Not to the victims and their malformed children still alive, nor to the loved ones still mourning their dead at America’s hand.
O.K., back on track, how about, um, violation of international law?
(General laughter in room)
Maybe with our drones, ongoing indefinite imprisonment at Gitmo, torture, renditions, black sites, NSA spying on foreign heads of state, bringing down a sovereign leader’s plane because we thought that son-of-a-bitch Snowden was on board, pushing international law too hard might not be the best thing.
Yeah, especially since until around 2006 we were rendering prisoners into Assad’s Syria for out-sourced torture.
OK, back to Iran. We bomb the hell out of Syria to send a message to Iran.
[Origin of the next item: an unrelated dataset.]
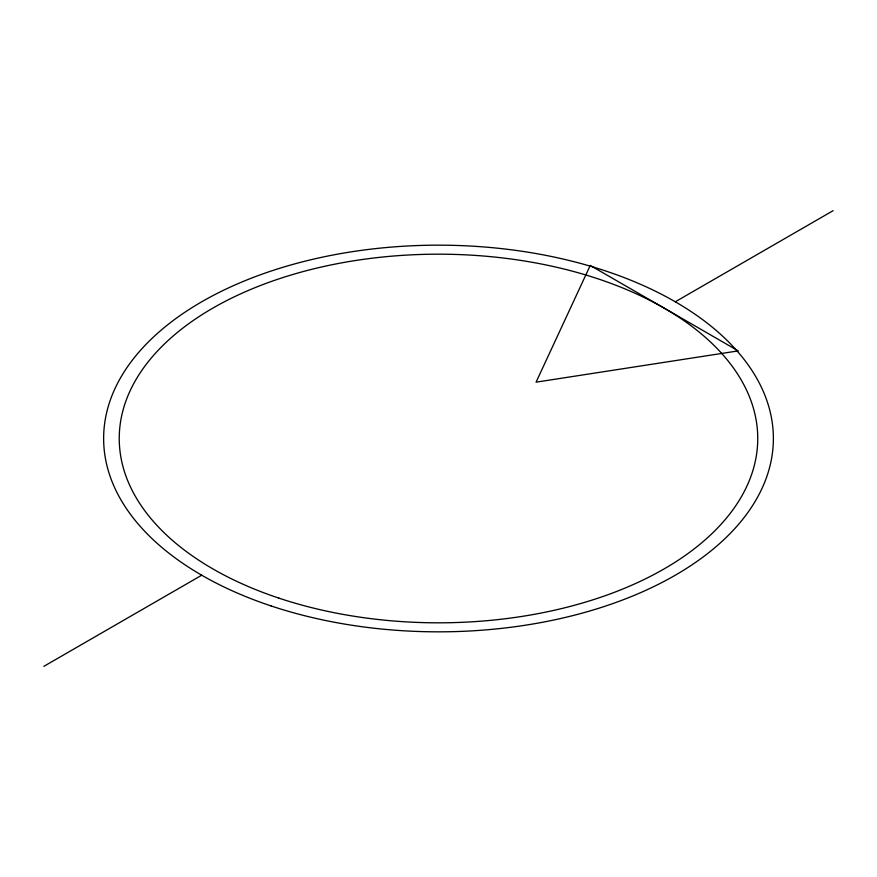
<?xml version="1.0" encoding="UTF-8"?>
<svg xmlns="http://www.w3.org/2000/svg" width="877" height="877" viewBox="0 0 877 877"><rect width="100%" height="100%" fill="white"/><g stroke="black" fill="none" stroke-linecap="round" stroke-linejoin="round"><path stroke-width="1.32" d="M43.85 666.345L201.71 575.213M675.29 301.787L833.15 210.655M590.243 265.446L536.077 382.164L738.237 350.888L590.243 265.446M271.059 605.93A334.871 193.335 0 0 0 773.371 438.5A334.871 193.335 0 0 0 271.059 271.07A334.871 193.335 0 0 0 271.059 605.93M278.875 598.125A319.239 184.313 0 0 0 757.739 438.5A319.239 184.313 0 0 0 278.875 278.875A319.239 184.313 0 0 0 278.875 598.125"/></g></svg>

That they can’t support evil regimes.
But the Iranians have been supporting bad guys in Lebanon forever, these days the Taliban in Afghanistan, and basically control our allies in free Iraq. Hell, they even sent Qods force guys into Iraq to kill our own troops. Not sure here why Syria, now, is the place for a message.
So what do we have left?
I’d say we just keep saying ‘WMD, WMD’ over and over again until Americans beg Congress for a military strike on Syria.
I like that a lot. Any opposition? No? OK then, we go with WMD scare tactics.
Might as well.
Agreed. It worked last time.
O.K., thanks everyone. And thank you gentlemen for coming back to Washington to help see this through. John, would you be kind enough to walk W., Dick and Condi out please?